Eres una mierda, pienso. Abro la boca para decirlo, pero él se acerca a mí y me susurra:

– Todo está bien. Es Mayday. Vete con ellos -me llama por mi verdadero nombre. ¿Por qué esto iba a significar algo?

– ¿E1Ios? -le pregunto. Veo a los dos hombres que están detrás de él; la luz del pasillo convierte sus cabezas en calaveras-. Debes de estar loco -mi sospecha queda suspendida en el aire, un ángel oscuro me envía una advertencia. Casi puedo verlo. ¿Por qué él no sabría lo de Mayday? Todos los Ojos deben de saberlo; la han exprimido, estrujado y escurrido de demasiados cuerpos, de demasiadas bocas.

– Confía en mí -insiste; aunque eso nunca fue un talismán, no representa ninguna garantía.

Pero me aferro a esta oferta. Es todo lo que me queda.

Me escoltan para bajar la escalera, uno delante y uno detrás. Avanzamos a ritmo pausado; las luces están encendidas. A pesar del miedo, todo me resulta normal. Desde donde estoy puedo ver el reloj No es ninguna hora en especial.

Nick ya no está con nosotros. Debe de haber bajado por la escalera de atrás, para que no lo vieran

Serena Joy está en el pasillo, debajo del espejo, observándonos con mirada incrédula. Detrás de ella, junto a la puerta abierta de la sala, está el Comandante. Tiene el pelo muy gris. Parece preocupado e impotente, pero empieza a apartarse de mí, a distanciarse. Al margen de lo que significara para él, hemos llegado a un punto en el que también represento un fracaso. Sin duda han discutido por mí; sin duda ella se las ha hecho pasar moradas. Yo aún las estoy pasando moradas, no puedo sentir pena por el. Moira tiene razón, soy una mojigata.

– ¿Qué ha hecho? -pregunta Serena Joy. Entonces no fue ella quien los llamó. No sé lo que me reservaba, pero se trataba de algo más privado.

– No podemos decirlo, señora -dice el que va delante de mí-. Lo siento.

– Quiero ver la autorización -dice el Comandante-. ¿Tenéis autorización legal?

Ahora podría empezar a gritar, agarrarme a la barandilla, renunciar a toda dignidad. Podría detenerlos, al menos un momento. Si son los auténticos, se quedarán, de lo contrario echarán a correr. Y me dejarán aquí.

– No la necesitamos, señor, pero todo está en orden -dice el mismo hombre-. Violación de secretos de estado.

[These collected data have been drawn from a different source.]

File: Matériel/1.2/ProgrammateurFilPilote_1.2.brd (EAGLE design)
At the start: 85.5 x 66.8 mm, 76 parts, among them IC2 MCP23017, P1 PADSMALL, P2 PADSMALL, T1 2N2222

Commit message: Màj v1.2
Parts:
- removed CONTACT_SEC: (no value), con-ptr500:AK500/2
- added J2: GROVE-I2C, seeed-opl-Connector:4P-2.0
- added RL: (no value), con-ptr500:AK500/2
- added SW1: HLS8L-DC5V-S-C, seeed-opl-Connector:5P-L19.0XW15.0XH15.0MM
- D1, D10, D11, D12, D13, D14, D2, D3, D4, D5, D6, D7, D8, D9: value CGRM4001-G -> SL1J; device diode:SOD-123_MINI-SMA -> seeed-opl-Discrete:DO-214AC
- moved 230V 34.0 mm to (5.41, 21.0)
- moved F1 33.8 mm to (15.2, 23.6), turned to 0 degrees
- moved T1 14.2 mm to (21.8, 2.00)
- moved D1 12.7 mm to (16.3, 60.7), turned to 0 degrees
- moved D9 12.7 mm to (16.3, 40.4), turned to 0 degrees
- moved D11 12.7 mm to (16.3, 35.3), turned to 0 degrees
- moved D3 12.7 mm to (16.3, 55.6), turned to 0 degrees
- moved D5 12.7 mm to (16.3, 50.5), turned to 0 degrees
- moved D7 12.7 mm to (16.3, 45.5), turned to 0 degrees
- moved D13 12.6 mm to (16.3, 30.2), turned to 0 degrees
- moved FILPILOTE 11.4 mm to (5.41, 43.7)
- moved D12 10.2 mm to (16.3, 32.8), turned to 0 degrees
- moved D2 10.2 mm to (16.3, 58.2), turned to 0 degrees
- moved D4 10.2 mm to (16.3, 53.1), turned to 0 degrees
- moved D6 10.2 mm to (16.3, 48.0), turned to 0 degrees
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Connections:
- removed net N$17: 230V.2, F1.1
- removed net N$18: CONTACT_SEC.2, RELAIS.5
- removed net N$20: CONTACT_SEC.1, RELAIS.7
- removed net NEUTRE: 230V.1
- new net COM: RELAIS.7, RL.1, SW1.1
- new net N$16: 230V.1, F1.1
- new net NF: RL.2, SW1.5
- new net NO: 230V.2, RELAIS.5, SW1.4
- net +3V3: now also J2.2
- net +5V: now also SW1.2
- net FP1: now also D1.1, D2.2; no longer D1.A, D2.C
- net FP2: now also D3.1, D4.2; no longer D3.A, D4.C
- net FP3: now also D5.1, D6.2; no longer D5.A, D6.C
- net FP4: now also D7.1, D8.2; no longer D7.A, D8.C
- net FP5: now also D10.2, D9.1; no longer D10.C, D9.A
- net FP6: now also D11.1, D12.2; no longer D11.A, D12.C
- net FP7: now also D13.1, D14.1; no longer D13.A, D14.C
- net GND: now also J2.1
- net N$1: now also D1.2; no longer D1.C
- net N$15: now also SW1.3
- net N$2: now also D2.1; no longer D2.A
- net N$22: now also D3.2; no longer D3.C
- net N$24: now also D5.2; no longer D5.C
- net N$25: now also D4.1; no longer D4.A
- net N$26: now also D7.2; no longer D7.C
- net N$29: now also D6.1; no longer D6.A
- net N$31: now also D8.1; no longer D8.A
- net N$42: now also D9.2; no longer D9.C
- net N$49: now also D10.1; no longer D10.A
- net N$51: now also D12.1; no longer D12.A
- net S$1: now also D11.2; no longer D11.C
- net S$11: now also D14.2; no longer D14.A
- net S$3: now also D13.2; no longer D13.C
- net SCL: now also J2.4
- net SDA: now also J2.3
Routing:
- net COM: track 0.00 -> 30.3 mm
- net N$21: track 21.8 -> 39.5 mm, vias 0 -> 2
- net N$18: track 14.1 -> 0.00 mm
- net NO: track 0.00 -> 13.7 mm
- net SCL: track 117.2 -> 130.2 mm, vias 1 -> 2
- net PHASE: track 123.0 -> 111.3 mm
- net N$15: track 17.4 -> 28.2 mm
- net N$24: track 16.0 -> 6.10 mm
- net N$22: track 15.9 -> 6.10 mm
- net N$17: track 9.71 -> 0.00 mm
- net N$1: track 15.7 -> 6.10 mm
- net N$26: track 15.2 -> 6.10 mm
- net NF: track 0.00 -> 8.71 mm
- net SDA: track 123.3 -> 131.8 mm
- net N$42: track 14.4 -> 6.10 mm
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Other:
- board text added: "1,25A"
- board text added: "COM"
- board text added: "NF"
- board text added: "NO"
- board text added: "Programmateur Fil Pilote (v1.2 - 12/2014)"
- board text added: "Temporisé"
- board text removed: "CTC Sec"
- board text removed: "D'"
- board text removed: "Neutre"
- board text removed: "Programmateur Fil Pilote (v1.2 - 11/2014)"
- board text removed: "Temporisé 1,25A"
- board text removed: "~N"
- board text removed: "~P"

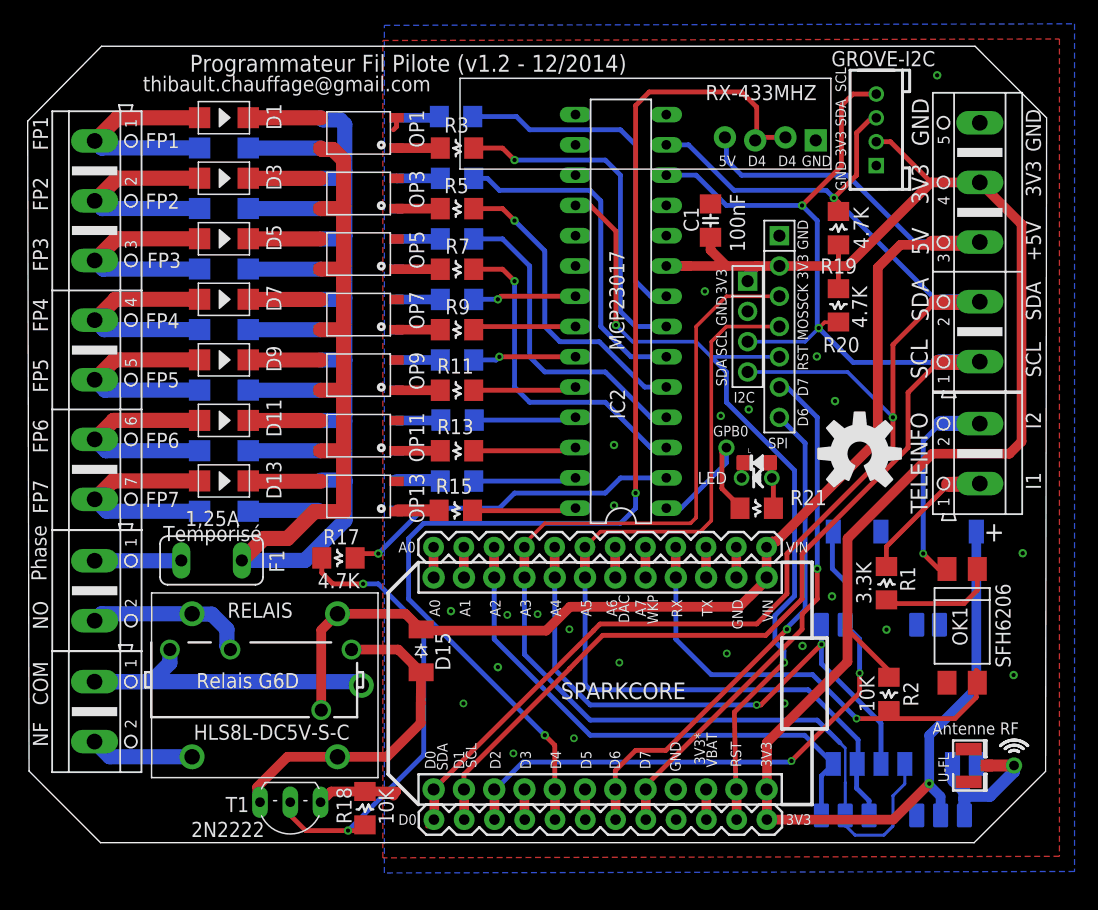
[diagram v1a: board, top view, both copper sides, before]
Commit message: Passage en Révision 1.2b
Correction d'inversion du sens du connecteur Grove
Correction d'inversion diode D14
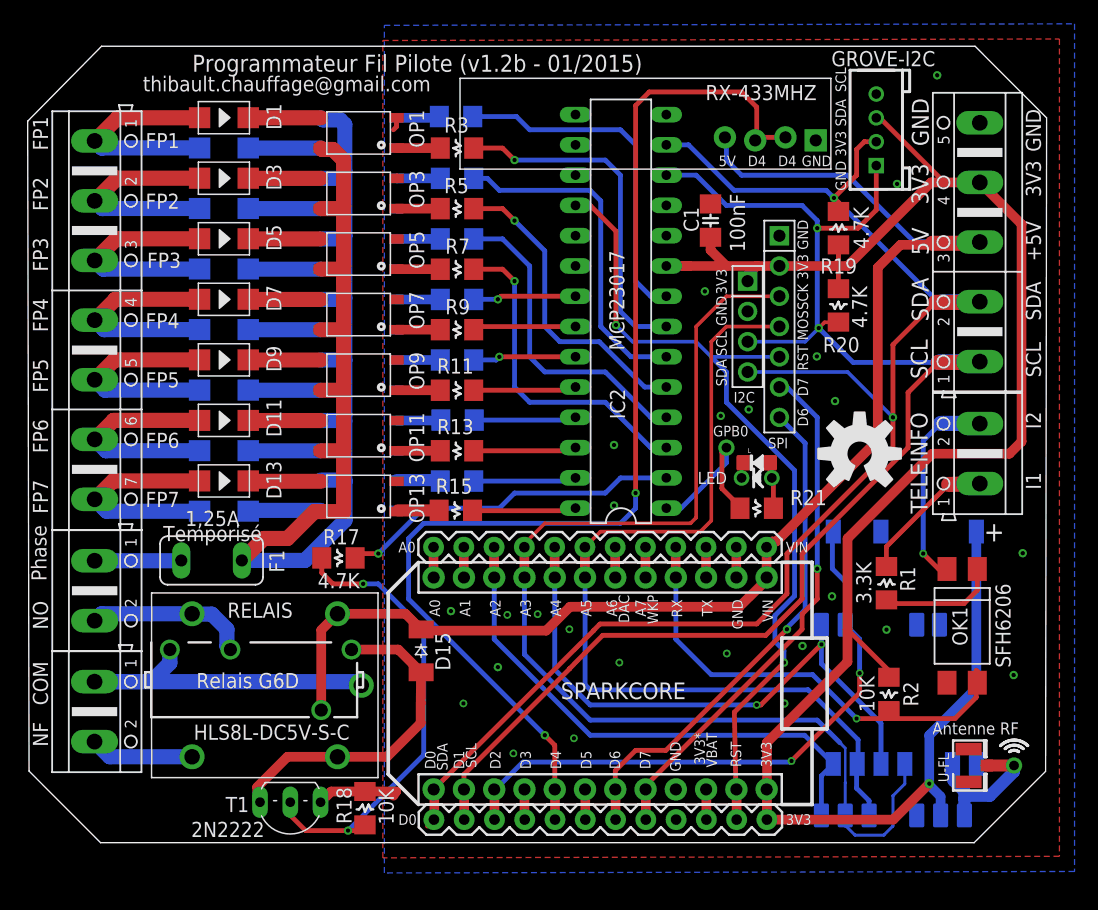
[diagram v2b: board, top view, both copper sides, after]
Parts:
- turned D14 to 0 degrees
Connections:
- net +3V3: now also J2.3; no longer J2.2
- net FP7: now also D14.2; no longer D14.1
- net GND: now also J2.4; no longer J2.1
- net S$11: now also D14.1; no longer D14.2
- net SCL: now also J2.1; no longer J2.4
- net SDA: now also J2.2; no longer J2.3
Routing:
- net SCL: track 130.2 -> 126.5 mm
- net +3V3: track 161.2 -> 163.2 mm
- net SDA: track 131.8 -> 130.1 mm
- net GND: vias 24 -> 25
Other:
- board text added: "Programmateur Fil Pilote (v1.2b - 01/2015)"
- board text removed: "Programmateur Fil Pilote (v1.2 - 12/2014)"

El Comandante se lleva una mano a la cabeza. ¿Qué he estado diciendo, y a quién, y cuál de sus enemigos lo ha descubierto? Probablemente ahora su seguridad estará en peligro. Estoy más arriba que él, mirándolo; y se está encogiendo. Entre ellos ya ha habido purgas, y habrá algunas más. Serena Joy empalidece.

– Zorra -me insulta-. Después de todo lo que hizo por ti.

Cora y Rita llegan corriendo desde la cocina. Cora está deshecha en llanto. Yo era su esperanza, y la he defraudado. Nunca tendrá niños.

La furgoneta espera en el camino de entrada, con las puertas dobles abiertas. Los dos hombres -ahora uno a cada costado- me cogen de los brazos y me ayudan a subir. No tengo manera de saber si éste es mi fin o un nuevo comienzo: me he entregado a unos extraños porque es inevitable.

Subo y penetro en la oscuridad del interior; o en la luz.